> [Saved entries]
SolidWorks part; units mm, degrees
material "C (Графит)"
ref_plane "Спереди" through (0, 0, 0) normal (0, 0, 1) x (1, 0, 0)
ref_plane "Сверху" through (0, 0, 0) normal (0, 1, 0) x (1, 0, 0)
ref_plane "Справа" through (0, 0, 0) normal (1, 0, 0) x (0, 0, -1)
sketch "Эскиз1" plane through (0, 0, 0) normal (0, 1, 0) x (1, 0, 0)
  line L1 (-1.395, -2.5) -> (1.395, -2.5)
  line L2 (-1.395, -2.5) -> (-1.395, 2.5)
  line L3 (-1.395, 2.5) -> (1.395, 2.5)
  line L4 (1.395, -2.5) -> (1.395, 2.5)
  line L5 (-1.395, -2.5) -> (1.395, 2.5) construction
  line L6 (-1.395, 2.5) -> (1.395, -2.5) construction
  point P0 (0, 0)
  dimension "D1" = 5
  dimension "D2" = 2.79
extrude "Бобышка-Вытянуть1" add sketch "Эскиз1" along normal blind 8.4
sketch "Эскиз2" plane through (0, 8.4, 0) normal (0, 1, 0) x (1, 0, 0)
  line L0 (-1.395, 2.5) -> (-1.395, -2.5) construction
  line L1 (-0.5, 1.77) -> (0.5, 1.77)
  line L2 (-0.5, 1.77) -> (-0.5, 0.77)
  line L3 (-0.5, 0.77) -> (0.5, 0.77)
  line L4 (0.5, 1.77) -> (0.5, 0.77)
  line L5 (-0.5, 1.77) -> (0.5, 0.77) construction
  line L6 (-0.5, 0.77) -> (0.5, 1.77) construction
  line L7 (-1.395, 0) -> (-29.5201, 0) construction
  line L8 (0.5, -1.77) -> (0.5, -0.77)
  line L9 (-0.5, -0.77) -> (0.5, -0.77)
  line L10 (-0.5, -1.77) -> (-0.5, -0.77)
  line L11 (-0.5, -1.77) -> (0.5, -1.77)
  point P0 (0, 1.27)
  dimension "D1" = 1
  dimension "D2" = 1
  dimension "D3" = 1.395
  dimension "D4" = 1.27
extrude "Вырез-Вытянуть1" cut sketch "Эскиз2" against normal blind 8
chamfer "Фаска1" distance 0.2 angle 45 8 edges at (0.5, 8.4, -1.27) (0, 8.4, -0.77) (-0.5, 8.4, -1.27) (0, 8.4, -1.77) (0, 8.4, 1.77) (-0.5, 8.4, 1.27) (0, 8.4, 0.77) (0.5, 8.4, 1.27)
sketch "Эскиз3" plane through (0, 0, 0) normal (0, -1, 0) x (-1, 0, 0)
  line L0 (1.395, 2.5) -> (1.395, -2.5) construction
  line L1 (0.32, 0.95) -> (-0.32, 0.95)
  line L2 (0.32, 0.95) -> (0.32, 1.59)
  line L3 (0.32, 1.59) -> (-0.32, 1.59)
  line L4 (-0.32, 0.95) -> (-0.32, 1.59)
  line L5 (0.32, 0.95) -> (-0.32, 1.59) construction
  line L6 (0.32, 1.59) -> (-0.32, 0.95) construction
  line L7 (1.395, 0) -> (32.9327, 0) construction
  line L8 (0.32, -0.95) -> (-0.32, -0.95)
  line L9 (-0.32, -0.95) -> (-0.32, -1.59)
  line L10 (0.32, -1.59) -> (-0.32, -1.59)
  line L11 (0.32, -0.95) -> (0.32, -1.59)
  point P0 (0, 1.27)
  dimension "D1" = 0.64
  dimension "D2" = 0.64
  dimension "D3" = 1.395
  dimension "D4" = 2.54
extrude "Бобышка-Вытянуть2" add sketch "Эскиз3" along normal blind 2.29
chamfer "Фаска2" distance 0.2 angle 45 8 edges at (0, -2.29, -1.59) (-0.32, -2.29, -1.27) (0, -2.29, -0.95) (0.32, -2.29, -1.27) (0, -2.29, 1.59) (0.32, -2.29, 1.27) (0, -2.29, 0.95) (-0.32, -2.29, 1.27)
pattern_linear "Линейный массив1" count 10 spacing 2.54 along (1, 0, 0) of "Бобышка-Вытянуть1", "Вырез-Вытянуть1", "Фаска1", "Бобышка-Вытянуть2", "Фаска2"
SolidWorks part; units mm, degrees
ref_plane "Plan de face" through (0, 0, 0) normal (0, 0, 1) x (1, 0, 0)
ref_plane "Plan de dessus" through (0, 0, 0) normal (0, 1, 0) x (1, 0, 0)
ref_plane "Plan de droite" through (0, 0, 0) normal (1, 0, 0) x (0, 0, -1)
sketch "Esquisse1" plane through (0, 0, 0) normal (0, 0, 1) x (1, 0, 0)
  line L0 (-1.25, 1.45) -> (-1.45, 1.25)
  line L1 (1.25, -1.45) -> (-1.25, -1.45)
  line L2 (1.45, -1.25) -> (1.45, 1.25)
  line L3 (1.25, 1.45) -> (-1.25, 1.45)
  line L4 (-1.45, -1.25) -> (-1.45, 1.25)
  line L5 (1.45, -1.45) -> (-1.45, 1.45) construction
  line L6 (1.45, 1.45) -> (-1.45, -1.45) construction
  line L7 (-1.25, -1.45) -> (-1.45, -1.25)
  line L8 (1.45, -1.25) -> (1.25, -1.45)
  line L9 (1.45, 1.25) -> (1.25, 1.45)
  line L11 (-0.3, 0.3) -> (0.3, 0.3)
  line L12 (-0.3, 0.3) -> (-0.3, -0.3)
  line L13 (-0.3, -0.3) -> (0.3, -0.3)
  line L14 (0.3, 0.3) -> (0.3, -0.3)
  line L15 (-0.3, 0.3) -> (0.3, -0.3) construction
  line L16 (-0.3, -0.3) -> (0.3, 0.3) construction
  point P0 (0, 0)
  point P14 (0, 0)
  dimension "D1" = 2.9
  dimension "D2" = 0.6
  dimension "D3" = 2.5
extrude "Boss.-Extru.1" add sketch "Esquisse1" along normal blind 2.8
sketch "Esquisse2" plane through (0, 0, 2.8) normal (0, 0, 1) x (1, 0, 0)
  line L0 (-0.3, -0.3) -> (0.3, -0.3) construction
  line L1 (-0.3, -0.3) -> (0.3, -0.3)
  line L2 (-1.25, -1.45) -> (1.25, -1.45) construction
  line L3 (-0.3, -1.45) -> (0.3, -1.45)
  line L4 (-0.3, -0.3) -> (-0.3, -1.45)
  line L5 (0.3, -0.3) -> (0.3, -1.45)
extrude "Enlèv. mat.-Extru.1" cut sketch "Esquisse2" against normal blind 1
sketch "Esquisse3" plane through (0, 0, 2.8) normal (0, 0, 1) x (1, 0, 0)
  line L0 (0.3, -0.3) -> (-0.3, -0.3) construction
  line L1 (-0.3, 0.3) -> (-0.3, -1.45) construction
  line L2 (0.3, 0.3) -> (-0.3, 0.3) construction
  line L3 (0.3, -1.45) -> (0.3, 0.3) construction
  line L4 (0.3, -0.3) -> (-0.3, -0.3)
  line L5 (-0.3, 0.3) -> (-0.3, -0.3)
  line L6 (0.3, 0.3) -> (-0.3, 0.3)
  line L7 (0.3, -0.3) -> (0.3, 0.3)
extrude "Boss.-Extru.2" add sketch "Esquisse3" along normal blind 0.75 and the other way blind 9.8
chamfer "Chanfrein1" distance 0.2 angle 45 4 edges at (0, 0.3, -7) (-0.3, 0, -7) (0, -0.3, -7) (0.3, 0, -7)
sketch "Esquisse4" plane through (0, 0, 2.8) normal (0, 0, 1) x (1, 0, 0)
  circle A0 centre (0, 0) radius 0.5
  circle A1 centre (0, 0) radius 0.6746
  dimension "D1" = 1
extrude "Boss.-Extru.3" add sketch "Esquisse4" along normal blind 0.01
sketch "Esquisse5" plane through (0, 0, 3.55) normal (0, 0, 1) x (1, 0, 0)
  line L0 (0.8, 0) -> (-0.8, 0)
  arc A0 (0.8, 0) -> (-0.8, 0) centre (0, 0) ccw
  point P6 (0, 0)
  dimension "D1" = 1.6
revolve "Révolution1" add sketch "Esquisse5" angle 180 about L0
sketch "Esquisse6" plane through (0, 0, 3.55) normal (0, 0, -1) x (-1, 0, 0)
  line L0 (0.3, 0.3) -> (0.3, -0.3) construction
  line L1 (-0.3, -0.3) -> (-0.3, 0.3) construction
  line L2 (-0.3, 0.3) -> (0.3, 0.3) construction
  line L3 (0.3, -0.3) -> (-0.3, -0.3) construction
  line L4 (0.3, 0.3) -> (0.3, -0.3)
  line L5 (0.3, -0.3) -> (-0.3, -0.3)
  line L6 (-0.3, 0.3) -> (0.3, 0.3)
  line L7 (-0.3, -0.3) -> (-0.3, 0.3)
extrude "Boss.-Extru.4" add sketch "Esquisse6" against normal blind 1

> [Exercise aim] Among the lines above, repeat exactly those from the line with "line L0 (-0.3, -0.3)" to the line with "line L1 (-0.3, 0.3)", counting both ends.

> [Answer]
  line L0 (-0.3, -0.3) -> (0.3, -0.3) construction
  line L1 (-0.3, -0.3) -> (0.3, -0.3)
  line L2 (-1.25, -1.45) -> (1.25, -1.45) construction
  line L3 (-0.3, -1.45) -> (0.3, -1.45)
  line L4 (-0.3, -0.3) -> (-0.3, -1.45)
  line L5 (0.3, -0.3) -> (0.3, -1.45)
extrude "Enlèv. mat.-Extru.1" cut sketch "Esquisse2" against normal blind 1
sketch "Esquisse3" plane through (0, 0, 2.8) normal (0, 0, 1) x (1, 0, 0)
  line L0 (0.3, -0.3) -> (-0.3, -0.3) construction
  line L1 (-0.3, 0.3) -> (-0.3, -1.45) construction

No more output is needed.